Глава 27

Лорен

Последняя неделя карнавального сезона — это настоящее безумие. Как будто все знают, что Пепельная среда не за горами, и им нужно согрешить, пока грешить еще можно. Ажиотаж в Новом Орлеане достигает небывалого уровня. Все бары на Бурбоне открыты 24 часа в сутки. Тротуары завалены бусами. Отели переполнены, а в городе царит полная неразбериха, поскольку улицы закрываются для проведения парадов. Их сотни, и каждый из них проводится другим новоорлеанским крю18. Обычно у меня есть время насладиться праздником, но не в этом году.

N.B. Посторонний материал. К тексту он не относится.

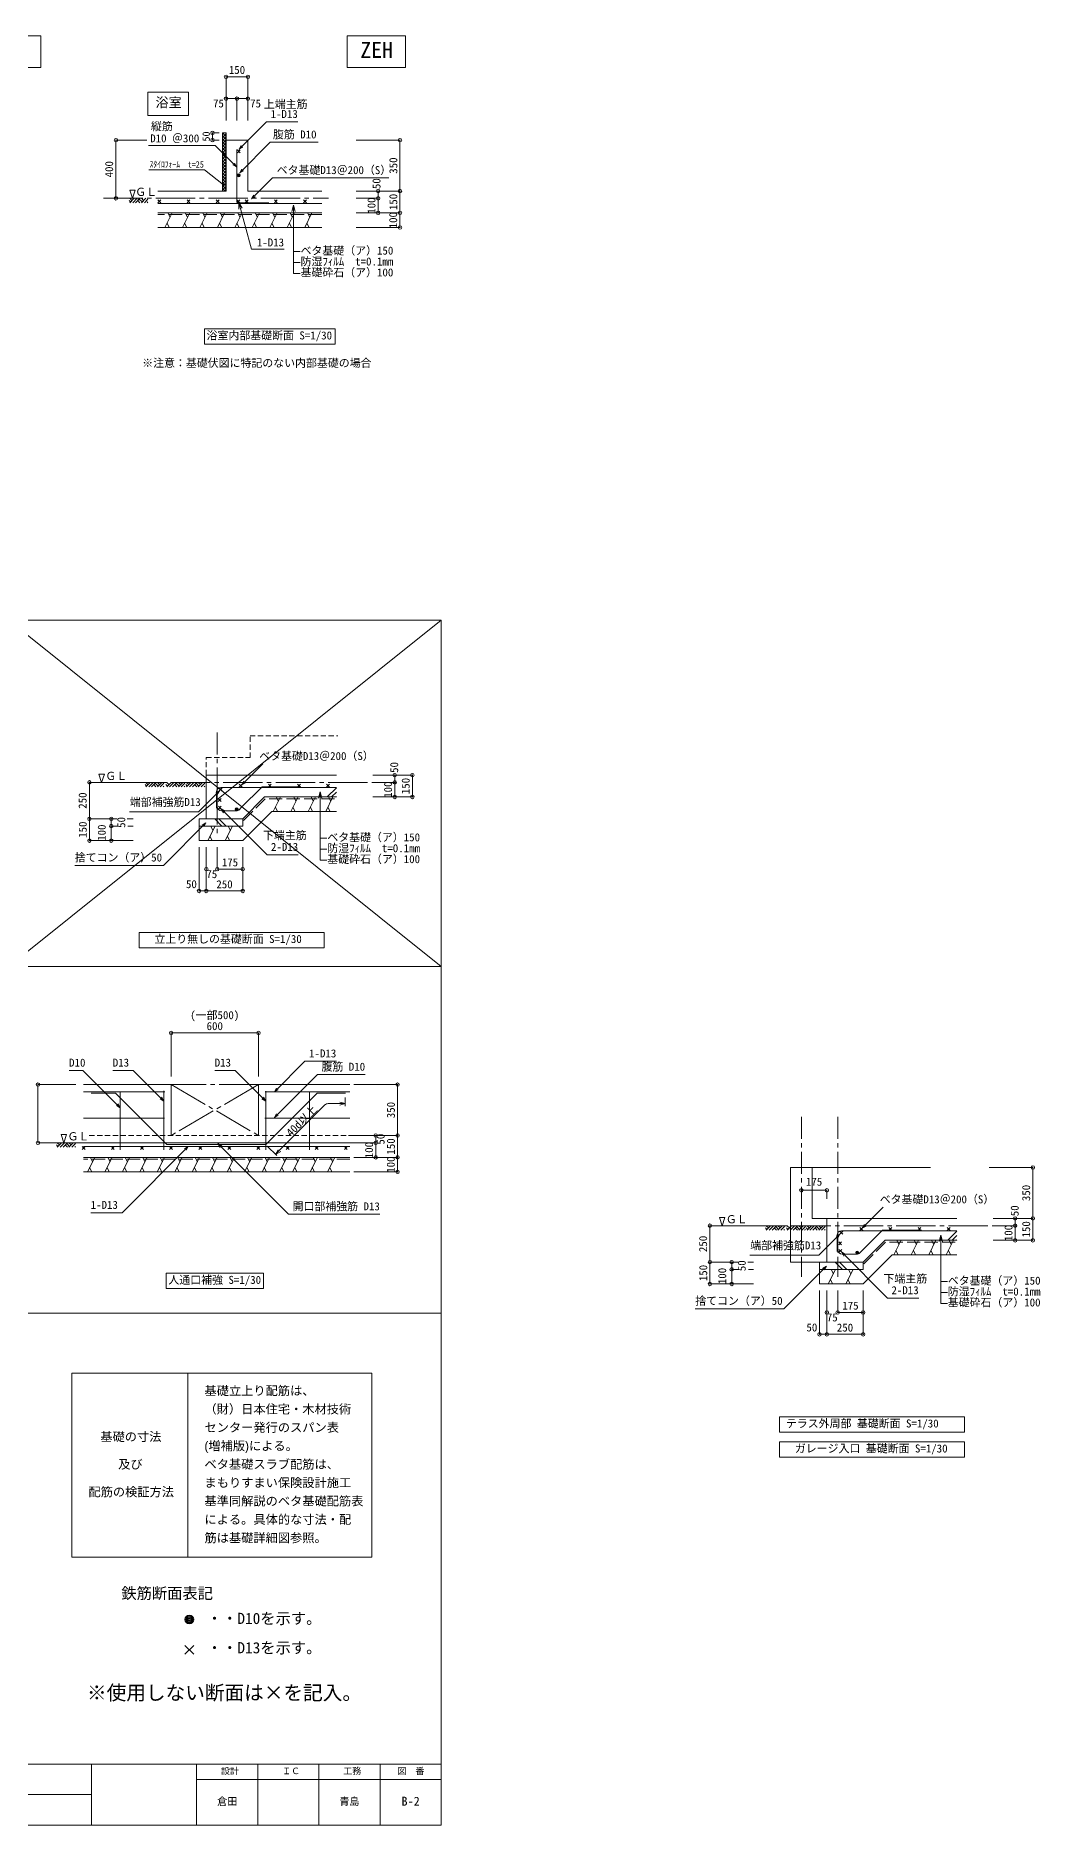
# Model space of a CAD drawing. Units: millimetres at full size, sheet at 1:30. Extents: x -300124 to 10055, y -4140 to 27542.
# Drawn here: x 3155 to 10055, y -4140 to 8154 of the extents above; entities that cross this region are included whole.
import ezdxf
from ezdxf.enums import TextEntityAlignment as Align

# ---------------------------------------------------------------- set-up
doc = ezdxf.new("R2010")
doc.units = ezdxf.units.MM
doc.header["$LTSCALE"] = 30
doc.header["$PDMODE"] = 32
doc.header["$PDSIZE"] = 24
for name, pattern in [('CHAIN1', [8, 5, -1, 1, -1]), ('CHAIN2', [12, 9, -1, 1, -1]), ('DASHED1', [1.8, 1.2, -0.6]), ('DASHED3', [4, 3, -1])]:
    doc.linetypes.add(name, pattern=pattern)
for name, color, linetype, lineweight in [('0-0_敷地線', 4, 'Continuous', 9), ('0-1_文字', 4, 'Continuous', 9), ('0-2_既存建物', 4, 'Continuous', 9), ('0-3_2040', 4, 'Continuous', 9), ('F-F_Layer255', 4, 'Continuous', 9)]:
    doc.layers.add(name, color=color, linetype=linetype, lineweight=lineweight)
doc.layers.add('F-1_Layer241', color=3, linetype='Continuous')
doc.styles.add('ＭＳ ゴシック', font='')
doc.styles.add('ＭＳ Ｐゴシック', font='')
doc.styles.get('ＭＳ ゴシック').set_extended_font_data('MS Gothic')
doc.styles.get('ＭＳ Ｐゴシック').set_extended_font_data('MS PGothic')

msp = doc.modelspace()

# ---------------------------------------------------------------- linework, layer by layer
at = {"layer": '0-0_敷地線'}
for p, q in [((4462.28, 7872.91), (4462.28, 7722.91)), ((4462.28, 7872.91), (4612.28, 7872.91)), ((4612.28, 7872.91), (4612.28, 7722.91)), ((4462.28, 7722.91), (4462.28, 7572.91)), ((4462.28, 7722.91), (4537.28, 7722.91)), ((4537.28, 7722.91), (4537.28, 7572.91)), ((4537.28, 7722.91), (4612.28, 7722.91)), ((4612.28, 7722.91), (4612.28, 7572.91)), ((4551.35, 7374.45), (4740.05, 7563.14)), ((4740.05, 7563.14), (4955.55, 7563.14)), ((3705.96, 7437.71), (3855.96, 7437.71)), ((3705.96, 7037.71), (3705.96, 7437.71)), ((3855.96, 7437.71), (3917.19, 7437.71)), ((3929.13, 7400.1), (4387.01, 7400.1)), ((4534.14, 7252.97), (4387.01, 7400.1)), ((4462.28, 7422.71), (4462.28, 7437.71)), ((4462.28, 7437.71), (4612.28, 7437.71)), ((4462.28, 7422.71), (4462.28, 7087.71)), ((4612.28, 7437.71), (4612.28, 7422.71)), ((4612.28, 7087.71), (4612.28, 7422.71)), ((5656.96, 7437.71), (5356.96, 7437.71)), ((5656.96, 7087.71), (5656.96, 7437.71)), ((4508.16, 7267.97), (4534.14, 7252.97)), ((4534.14, 7252.97), (4519.14, 7278.95)), ((4537.28, 7016.87), (4537.28, 7372.71)), ((4560.17, 7349.78), (4540.17, 7369.78)), ((4560.17, 7369.78), (4540.17, 7349.78)), ((4637.4, 7033.27), (4781.79, 7177.67)), ((4781.79, 7177.67), (5579.96, 7177.67)), ((3805.78, 7012.71), (3795.78, 7022.71)), ((3815.78, 7022.71), (3800.78, 7037.71)), ((3800.78, 7007.71), (3830.78, 7037.71)), ((3819.09, 7037.71), (3837.76, 7093.71)), ((3820.78, 7007.71), (3850.78, 7037.71)), ((3840.78, 7007.71), (3870.78, 7037.71)), ((3870.78, 7007.71), (3855.78, 7022.71)), ((3885.78, 7012.71), (3865.78, 7032.71)), ((3895.78, 7022.71), (3880.78, 7037.71)), ((3880.78, 7007.71), (3910.78, 7037.71)), ((3900.78, 7007.71), (3925.78, 7032.71)), ((3920.78, 7007.71), (3925.78, 7012.71)), ((4462.28, 7087.71), (3993.9, 7087.71)), ((3993.9, 7026.92), (4013.9, 7006.92)), ((3993.9, 7006.92), (4013.9, 7026.92)), ((4193.9, 7026.92), (4213.9, 7006.92)), ((4193.9, 7006.92), (4213.9, 7026.92)), ((4393.9, 7026.92), (4413.9, 7006.92)), ((4393.9, 7006.92), (4413.9, 7026.92)), ((4537.28, 7026.92), (4557.28, 7006.92)), ((4537.28, 7006.92), (4557.28, 7026.92)), ((4550.29, 7008.43), (4636.18, 6687.87)), ((4593.9, 7026.92), (4613.9, 7006.92)), ((4593.9, 7006.92), (4613.9, 7026.92)), ((5119.78, 7087.71), (4612.28, 7087.71)), ((4793.9, 7026.92), (4813.9, 7006.92)), ((4793.9, 7006.92), (4813.9, 7026.92)), ((4993.9, 7026.92), (5013.9, 7006.92)), ((4993.9, 7006.92), (5013.9, 7026.92)), ((5506.96, 7087.71), (5356.96, 7087.71)), ((5506.96, 7037.71), (5356.96, 7037.71)), ((5656.96, 7087.71), (5506.96, 7087.71)), ((5506.96, 7037.71), (5506.96, 7087.71)), ((5506.96, 6937.71), (5506.96, 7037.71)), ((5656.96, 6937.71), (5656.96, 7087.71)), ((3994.23, 7002.71), (5119.78, 7002.71)), ((3994.23, 6937.71), (4212.28, 6937.71)), ((4042.28, 6837.71), (4092.28, 6937.71)), ((4077.28, 6907.71), (4062.28, 6937.71)), ((4162.28, 6837.71), (4212.28, 6937.71)), ((4197.28, 6907.71), (4182.28, 6937.71)), ((5119.78, 6937.71), (4212.28, 6937.71)), ((4282.28, 6837.71), (4332.28, 6937.71)), ((4317.28, 6907.71), (4302.28, 6937.71)), ((4402.28, 6837.71), (4452.28, 6937.71)), ((4437.28, 6907.71), (4422.28, 6937.71)), ((4522.28, 6837.71), (4572.28, 6937.71)), ((4557.28, 6907.71), (4542.28, 6937.71)), ((4547.28, 7006.87), (4755.04, 7006.87)), ((4642.28, 6837.71), (4692.28, 6937.71)), ((4677.28, 6907.71), (4662.28, 6937.71)), ((4762.28, 6837.71), (4812.28, 6937.71)), ((4797.28, 6907.71), (4782.28, 6937.71)), ((4882.28, 6837.71), (4932.28, 6937.71)), ((4917.28, 6907.71), (4902.28, 6937.71)), ((4925.45, 6990.7), (4925.45, 6522.2)), ((5002.28, 6837.71), (5052.28, 6937.71)), ((5037.28, 6907.71), (5022.28, 6937.71)), ((5656.96, 6837.71), (5656.96, 6937.71)), ((3994.23, 6837.71), (5119.78, 6837.71)), ((4072.28, 6837.71), (4057.28, 6867.71)), ((4192.28, 6837.71), (4177.28, 6867.71)), ((4312.28, 6837.71), (4297.28, 6867.71)), ((4432.28, 6837.71), (4417.28, 6867.71)), ((4552.28, 6837.71), (4537.28, 6867.71)), ((4672.28, 6837.71), (4657.28, 6867.71)), ((4792.28, 6837.71), (4777.28, 6867.71)), ((4912.28, 6837.71), (4897.28, 6867.71)), ((5032.28, 6837.71), (5017.28, 6867.71)), ((5656.96, 6837.71), (5356.96, 6837.71)), ((4636.18, 6687.87), (4861.18, 6687.87)), ((4925.45, 6672.2), (4970.95, 6672.2)), ((4925.45, 6597.2), (4970.95, 6597.2)), ((4925.45, 6522.2), (4970.95, 6522.2)), ((4313.4, 6141.71), (4313.4, 6036.71)), ((5211.87, 6141.71), (4313.4, 6141.71)), ((4313.4, 6036.71), (5211.87, 6036.71)), ((5211.87, 6036.71), (5211.87, 6141.71)), ((3864.65, 1993.8), (3864.65, 1888.8)), ((3864.65, 1888.8), (5136.3, 1888.8)), ((4084.68, 1303.65), (4084.68, 1003.65)), ((4084.68, 1303.65), (4684.68, 1303.65)), ((4684.68, 1303.65), (4684.68, 1003.65)), ((4794.18, 898.65), (5004.43, 1108.91)), ((5004.43, 1108.91), (5219.93, 1108.91)), ((3478.42, 1045.48), (3383.92, 1045.48)), ((3734.68, 789.23), (3478.42, 1045.48)), ((3824.42, 1045.48), (3683.92, 1045.48)), ((4034.68, 835.23), (3824.42, 1045.48)), ((4524.42, 1045.48), (4383.92, 1045.48)), ((4734.68, 835.23), (4524.42, 1045.48)), ((4794.18, 721.76), (5089.93, 1017.51)), ((5089.93, 1017.51), (5417.93, 1017.51)), ((3169.99, 548.65), (3169.99, 948.65)), ((3169.99, 948.65), (3429.18, 948.65)), ((4084.68, 948.65), (3483.99, 948.65)), ((3483.99, 898.65), (4040.82, 898.65)), ((3535.67, 888.94), (3702.31, 888.94)), ((3734.68, 898.65), (3734.68, 499.69)), ((4034.68, 906.53), (4034.68, 499.69)), ((4084.68, 598.65), (4084.68, 948.65)), ((5312.86, 948.65), (4684.68, 948.65)), ((4684.68, 598.65), (4684.68, 948.65)), ((4730.51, 898.65), (5312.86, 898.65)), ((4734.68, 902.24), (4734.68, 499.69)), ((5034.68, 898.65), (5034.68, 499.69)), ((5087.91, 888.94), (5282.05, 888.94)), ((5640.36, 948.65), (5340.36, 948.65)), ((5640.36, 598.65), (5640.36, 948.65)), ((5141.34, 808.93), (4801.83, 469.42)), ((5162.55, 817.72), (5281.33, 817.72)), ((5281.33, 817.72), (5243.33, 827.9)), ((5281.33, 817.72), (5244.6, 807.87)), ((5281.33, 860.58), (5281.33, 800.18)), ((3483.99, 717.76), (4038.46, 717.76)), ((4729.09, 717.76), (5312.86, 717.76)), ((3169.99, 548.65), (5340.36, 548.65)), ((3307.49, 523.65), (3297.49, 533.65)), ((3317.49, 533.65), (3302.49, 548.65)), ((3302.49, 518.65), (3332.49, 548.65)), ((3322.49, 518.65), (3352.49, 548.65)), ((3342.49, 518.65), (3372.49, 548.65)), ((3347.49, 548.65), (3366.16, 604.65)), ((3372.49, 518.65), (3357.49, 533.65)), ((3387.49, 523.65), (3367.49, 543.65)), ((3397.49, 533.65), (3382.49, 548.65)), ((3382.49, 518.65), (3412.49, 548.65)), ((3402.49, 518.65), (3427.49, 543.65)), ((3422.49, 518.65), (3427.49, 523.65)), ((3474.68, 523.65), (3494.68, 503.65)), ((3474.68, 503.65), (3494.68, 523.65)), ((3483.99, 524.04), (5312.86, 524.04)), ((3674.68, 503.65), (3694.68, 523.65)), ((3674.68, 523.65), (3694.68, 503.65)), ((4202.68, 523.15), (3747.68, 68.15)), ((3874.68, 523.65), (3894.68, 503.65)), ((3874.68, 503.65), (3894.68, 523.65)), ((4074.68, 523.65), (4094.68, 503.65)), ((4074.68, 503.65), (4094.68, 523.65)), ((4274.68, 503.65), (4294.68, 523.65)), ((4274.68, 523.65), (4294.68, 503.65)), ((4406.38, 542.79), (4891.02, 58.15)), ((4474.68, 523.65), (4494.68, 503.65)), ((4474.68, 503.65), (4494.68, 523.65)), ((4674.68, 503.65), (4694.68, 523.65)), ((4674.68, 523.65), (4694.68, 503.65)), ((4745.08, 526.18), (4810, 461.25)), ((4802.18, 469.08), (4820.37, 500.58)), ((4874.68, 503.65), (4894.68, 523.65)), ((4874.68, 523.65), (4894.68, 503.65)), ((5074.68, 523.65), (5094.68, 503.65)), ((5074.68, 503.65), (5094.68, 523.65)), ((5274.68, 523.65), (5294.68, 503.65)), ((5274.68, 503.65), (5294.68, 523.65)), ((5490.36, 598.65), (5340.36, 598.65)), ((5490.36, 548.65), (5340.36, 548.65)), ((5640.36, 598.65), (5490.36, 598.65)), ((5490.36, 548.65), (5490.36, 598.65)), ((5490.36, 448.65), (5490.36, 548.65)), ((5640.36, 448.65), (5640.36, 598.65)), ((3483.99, 448.65), (5312.86, 448.65)), ((3509.99, 348.65), (3559.99, 448.65)), ((3539.99, 348.65), (3524.99, 378.65)), ((3544.99, 418.65), (3529.99, 448.65)), ((3629.99, 348.65), (3679.99, 448.65)), ((3659.99, 348.65), (3644.99, 378.65)), ((3664.99, 418.65), (3649.99, 448.65)), ((3749.99, 348.65), (3799.99, 448.65)), ((3779.99, 348.65), (3764.99, 378.65)), ((3784.99, 418.65), (3769.99, 448.65)), ((3869.99, 348.65), (3919.99, 448.65)), ((3899.99, 348.65), (3884.99, 378.65)), ((3904.99, 418.65), (3889.99, 448.65)), ((3989.99, 348.65), (4039.99, 448.65)), ((4019.99, 348.65), (4004.99, 378.65)), ((4024.99, 418.65), (4009.99, 448.65)), ((4109.99, 348.65), (4159.99, 448.65)), ((4139.99, 348.65), (4124.99, 378.65)), ((4144.99, 418.65), (4129.99, 448.65)), ((4229.99, 348.65), (4279.99, 448.65)), ((4259.99, 348.65), (4244.99, 378.65)), ((4264.99, 418.65), (4249.99, 448.65)), ((4349.99, 348.65), (4399.99, 448.65)), ((4379.99, 348.65), (4364.99, 378.65)), ((4384.99, 418.65), (4369.99, 448.65)), ((4469.99, 348.65), (4519.99, 448.65)), ((4499.99, 348.65), (4484.99, 378.65)), ((4504.99, 418.65), (4489.99, 448.65)), ((4589.99, 348.65), (4639.99, 448.65)), ((4619.99, 348.65), (4604.99, 378.65)), ((4624.99, 418.65), (4609.99, 448.65)), ((4709.99, 348.65), (4759.99, 448.65)), ((4739.99, 348.65), (4724.99, 378.65)), ((4744.99, 418.65), (4729.99, 448.65)), ((4802.18, 469.08), (4838.36, 489.96)), ((4829.99, 348.65), (4879.99, 448.65)), ((4859.99, 348.65), (4844.99, 378.65)), ((4864.99, 418.65), (4849.99, 448.65)), ((4919.46, 348.65), (4969.46, 448.65)), ((4949.46, 348.65), (4934.46, 378.65)), ((4954.46, 418.65), (4939.46, 448.65)), ((5039.46, 348.65), (5089.46, 448.65)), ((5069.46, 348.65), (5054.46, 378.65)), ((5074.46, 418.65), (5059.46, 448.65)), ((5159.46, 348.65), (5209.46, 448.65)), ((5189.46, 348.65), (5174.46, 378.65)), ((5194.46, 418.65), (5179.46, 448.65)), ((5640.36, 448.65), (5640.36, 348.65)), ((3483.99, 348.65), (5312.86, 348.65)), ((5640.36, 348.65), (5340.36, 348.65)), ((3747.68, 68.15), (3532.18, 68.15)), ((4891.02, 58.15), (5519.02, 58.15)), ((4050.93, -347.35), (4050.93, -452.35)), ((4718.43, -347.35), (4050.93, -347.35)), ((4718.43, -452.35), (4718.43, -347.35)), ((4050.93, -452.35), (4718.43, -452.35)), ((3403, -2299.08), (3403, -1035.19)), ((3403, -1035.19), (5463.18, -1035.19)), ((4200.12, -1035.19), (4200.12, -2299.08)), ((5463.18, -1035.19), (5463.18, -2299.08)), ((8263.77, -1335.07), (8263.77, -1440.07)), ((8263.77, -1440.07), (9535.42, -1440.07)), ((8263.77, -1506.81), (8263.77, -1611.81)), ((8263.77, -1611.81), (9535.42, -1611.81)), ((5463.18, -2299.08), (3403, -2299.08)), ((4180.07, -2904.45), (4240.07, -2964.45)), ((4180.07, -2964.45), (4240.07, -2904.45))]:
    msp.add_line(p, q, dxfattribs=at)
at = {"layer": '0-0_敷地線', "color": 6}
for p, q in [((4368.75, 7487.71), (4368.75, 7437.71)), ((4368.75, 7487.71), (4415.18, 7487.71)), ((4368.75, 7437.71), (4415.18, 7437.71)), ((4437.28, 7487.71), (4437.28, 7087.71)), ((4437.28, 7477.93), (4447.06, 7487.71)), ((4462.28, 7462.38), (4437.28, 7487.38)), ((4437.28, 7456.72), (4462.28, 7481.72)), ((4462.28, 7441.17), (4437.28, 7466.17)), ((4437.28, 7435.51), (4462.28, 7460.51)), ((4462.28, 7419.96), (4437.28, 7444.96)), ((4437.28, 7414.29), (4462.28, 7439.29)), ((4462.28, 7398.74), (4437.28, 7423.74)), ((4437.28, 7393.08), (4462.28, 7418.08)), ((4462.28, 7377.53), (4437.28, 7402.53)), ((4437.28, 7371.87), (4462.28, 7396.87)), ((4462.28, 7356.32), (4437.28, 7381.32)), ((4462.28, 7483.6), (4458.16, 7487.71)), ((4437.28, 7350.65), (4462.28, 7375.65)), ((4462.28, 7335.1), (4437.28, 7360.1)), ((4437.28, 7329.44), (4462.28, 7354.44)), ((4462.28, 7313.89), (4437.28, 7338.89)), ((4437.28, 7308.23), (4462.28, 7333.23)), ((4462.28, 7292.68), (4437.28, 7317.68)), ((4437.28, 7287.01), (4462.28, 7312.01)), ((4462.28, 7271.46), (4437.28, 7296.46)), ((4437.28, 7265.8), (4462.28, 7290.8)), ((4462.28, 7250.25), (4437.28, 7275.25)), ((4437.28, 7244.59), (4462.28, 7269.59)), ((4462.28, 7229.04), (4437.28, 7254.04)), ((3930.61, 7232.92), (4313.63, 7232.92)), ((4313.63, 7232.92), (4444.84, 7129.69)), ((4437.28, 7223.37), (4462.28, 7248.37)), ((4462.28, 7207.82), (4437.28, 7232.82)), ((4437.28, 7202.16), (4462.28, 7227.16)), ((4462.28, 7186.61), (4437.28, 7211.61)), ((4437.28, 7180.95), (4462.28, 7205.95)), ((4462.28, 7165.4), (4437.28, 7190.4)), ((4437.28, 7159.74), (4462.28, 7184.74)), ((4462.28, 7144.18), (4437.28, 7169.18)), ((4437.28, 7138.52), (4462.28, 7163.52)), ((4462.28, 7122.97), (4437.28, 7147.97)), ((4437.28, 7117.31), (4462.28, 7142.31)), ((4462.28, 7101.76), (4437.28, 7126.76)), ((4437.28, 7096.1), (4462.28, 7121.1)), ((4455.11, 7087.71), (4437.28, 7105.55)), ((4450.11, 7087.71), (4462.28, 7099.88))]:
    msp.add_line(p, q, dxfattribs=at)
at = {"layer": '0-0_敷地線', "linetype": 'CHAIN2'}
for p, q in [((3620.72, 7037.71), (5165.28, 7037.71)), ((4684.68, 948.65), (4084.68, 598.65)), ((4084.68, 948.65), (4684.68, 598.65)), ((4684.68, 948.65), (4084.68, 948.65))]:
    msp.add_line(p, q, dxfattribs=at)
at = {"layer": '0-0_敷地線', "linetype": 'DASHED3'}
for p, q in [((5119.78, 6925.71), (3994.23, 6925.71)), ((5312.86, 436.65), (3483.99, 436.65))]:
    msp.add_line(p, q, dxfattribs=at)
at = {"layer": '0-0_敷地線', "linetype": 'DASHED1'}
msp.add_line((5340.36, 598.65), (3508.52, 598.65), dxfattribs=at)
at = {"layer": '0-0_敷地線', "color": 3}
for points in [[(2790.79, 8154.47), (3190.1, 8154.47), (3190.1, 7935.97), (2790.79, 7935.97)], [(5294.46, 8154.47), (5693.77, 8154.47), (5693.77, 7935.97), (5294.46, 7935.97)]]:
    msp.add_lwpolyline(points, close=True, dxfattribs=at)
at = {"layer": '0-0_敷地線'}
msp.add_lwpolyline([(3925.54, 7766.36), (4204.18, 7766.36), (4204.18, 7606.69), (3925.54, 7606.69)], close=True, dxfattribs=at)
at = {"layer": '0-0_敷地線', "color": 6}
msp.add_lwpolyline([(4437.28, 7487.71), (4462.28, 7487.71), (4462.28, 7437.71)], dxfattribs=at)
at = {"layer": '0-0_敷地線'}
for points in [[(4577.33, 7389.45), (4551.35, 7374.45), (4566.35, 7400.43)], [(4555.8, 7212.4), (4766.06, 7422.65), (5094.06, 7422.65)], [(4581.79, 7227.4), (4555.8, 7212.4), (4570.8, 7238.38)], [(3819.09, 7037.71), (3800.43, 7093.71), (3837.76, 7093.71)], [(4550.29, 6963.43), (4550.29, 7008.43), (4572.79, 6969.46)], [(4663.38, 7048.27), (4637.4, 7033.27), (4652.4, 7059.25)], [(4913.8, 6947.24), (4925.45, 6990.7), (4937.09, 6947.24)], [(5656.96, 6937.71), (5506.96, 6937.71), (5356.96, 6937.71)], [(5136.3, 1888.8), (5136.3, 1993.8), (3864.65, 1993.8)], [(3702.31, 888.94), (4054.78, 536.46), (4735.43, 536.46), (5087.91, 888.94)], [(4008.69, 850.23), (4034.68, 835.23), (4019.68, 861.21)], [(4708.69, 850.23), (4734.68, 835.23), (4719.68, 861.21)], [(4820.16, 913.65), (4794.18, 898.65), (4809.18, 924.63)], [(3708.69, 804.23), (3734.68, 789.23), (3719.68, 815.21)], [(4820.16, 736.76), (4794.18, 721.76), (4809.18, 747.74)], [(3347.49, 548.65), (3328.82, 604.65), (3366.16, 604.65)], [(4176.69, 508.15), (4202.68, 523.15), (4187.68, 497.17)], [(4421.38, 516.81), (4406.38, 542.79), (4432.36, 527.79)], [(5640.36, 448.65), (5490.36, 448.65), (5340.36, 448.65)], [(9535.42, -1440.07), (9535.42, -1335.07), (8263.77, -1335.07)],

Когда я еще находилась на начальной стадии планирования для NOLA (то есть сидела в Pinterest, пока работала в Sotheby's), я подумала, что было бы блестящей идеей провести открытие в понедельник перед Жирным вторником. Все уже в режиме вечеринки, тонна прессы освещает события, и я могла бы использовать импульс Марди Гра. Теперь внезапно думаю, что я полная идиотка.

Даже при всем моем тщательном планировании задержки в строительстве превратили весь процесс в сущий кошмар. Мне следовало бы отложить открытие, но, как известно любому бизнесмену, на данный момент — это практически невозможно. Слух уже распространился. Я уже пригласила семью и друзей. Две отдельные группы местных новостей готовят интересные репортажи о галерее, моей маме и мне. Там будет репортер из Times-Picayune, не говоря уже о двух десятках блогеров, пишущих о еде, искусстве и образе жизни, и я уже наняла флориста, поставщика провизии и фотографа. В конце вечера каждый выйдет за дверь с небольшим букетом, пакетиком кофе, небольшим художественным рисунком и хотя бы одной фотографией, достойной публикации в социальных сетях.

Само открытие проходит безупречно

А вот мое здание таковым не является.

Бо запретил слово на букву «З» в моем лексиконе, но я все равно раздраженно шепчу его при каждом удобном случае.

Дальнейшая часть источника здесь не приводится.